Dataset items
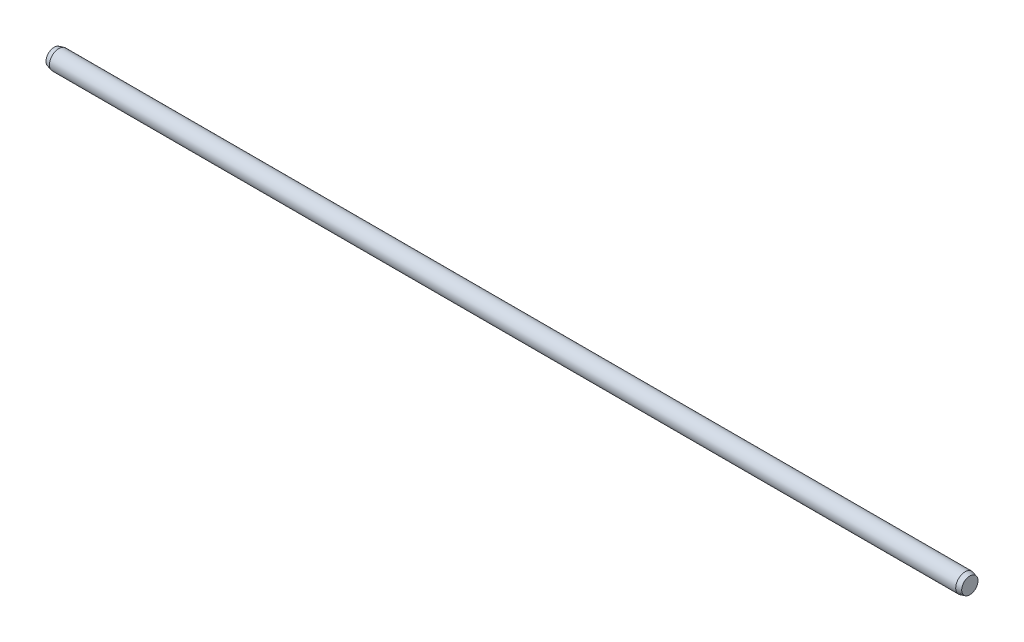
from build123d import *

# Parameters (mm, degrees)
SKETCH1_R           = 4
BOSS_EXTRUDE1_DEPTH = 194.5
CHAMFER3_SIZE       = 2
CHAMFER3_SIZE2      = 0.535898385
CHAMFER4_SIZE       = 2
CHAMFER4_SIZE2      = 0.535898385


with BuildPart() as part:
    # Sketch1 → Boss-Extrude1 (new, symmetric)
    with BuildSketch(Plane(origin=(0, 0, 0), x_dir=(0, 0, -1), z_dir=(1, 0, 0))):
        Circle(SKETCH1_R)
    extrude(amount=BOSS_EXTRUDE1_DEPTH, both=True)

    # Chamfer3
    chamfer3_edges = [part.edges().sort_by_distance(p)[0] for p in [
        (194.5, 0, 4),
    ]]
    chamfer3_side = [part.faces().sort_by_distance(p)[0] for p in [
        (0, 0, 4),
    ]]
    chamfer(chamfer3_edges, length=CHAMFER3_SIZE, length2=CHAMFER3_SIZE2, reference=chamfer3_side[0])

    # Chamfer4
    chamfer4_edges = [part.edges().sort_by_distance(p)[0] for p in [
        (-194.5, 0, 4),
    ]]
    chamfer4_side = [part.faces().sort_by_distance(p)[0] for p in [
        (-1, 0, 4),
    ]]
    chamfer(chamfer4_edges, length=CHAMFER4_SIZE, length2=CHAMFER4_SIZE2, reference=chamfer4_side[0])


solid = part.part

## Task statement:
Write out the records in full and exactly, omitting the pictures they hold.

## Your response:
from build123d import *

# Parameters (mm, degrees)
SKETCH1_R           = 4
BOSS_EXTRUDE1_DEPTH = 194.5
CHAMFER3_SIZE       = 2
CHAMFER3_SIZE2      = 0.535898385
CHAMFER4_SIZE       = 2
CHAMFER4_SIZE2      = 0.535898385


with BuildPart() as part:
    # Sketch1 → Boss-Extrude1 (new, symmetric)
    with BuildSketch(Plane(origin=(0, 0, 0), x_dir=(0, 0, -1), z_dir=(1, 0, 0))):
        Circle(SKETCH1_R)
    extrude(amount=BOSS_EXTRUDE1_DEPTH, both=True)

    # Chamfer3
    chamfer3_edges = [part.edges().sort_by_distance(p)[0] for p in [
        (194.5, 0, 4),
    ]]
    chamfer3_side = [part.faces().sort_by_distance(p)[0] for p in [
        (0, 0, 4),
    ]]
    chamfer(chamfer3_edges, length=CHAMFER3_SIZE, length2=CHAMFER3_SIZE2, reference=chamfer3_side[0])

    # Chamfer4
    chamfer4_edges = [part.edges().sort_by_distance(p)[0] for p in [
        (-194.5, 0, 4),
    ]]
    chamfer4_side = [part.faces().sort_by_distance(p)[0] for p in [
        (-1, 0, 4),
    ]]
    chamfer(chamfer4_edges, length=CHAMFER4_SIZE, length2=CHAMFER4_SIZE2, reference=chamfer4_side[0])


solid = part.part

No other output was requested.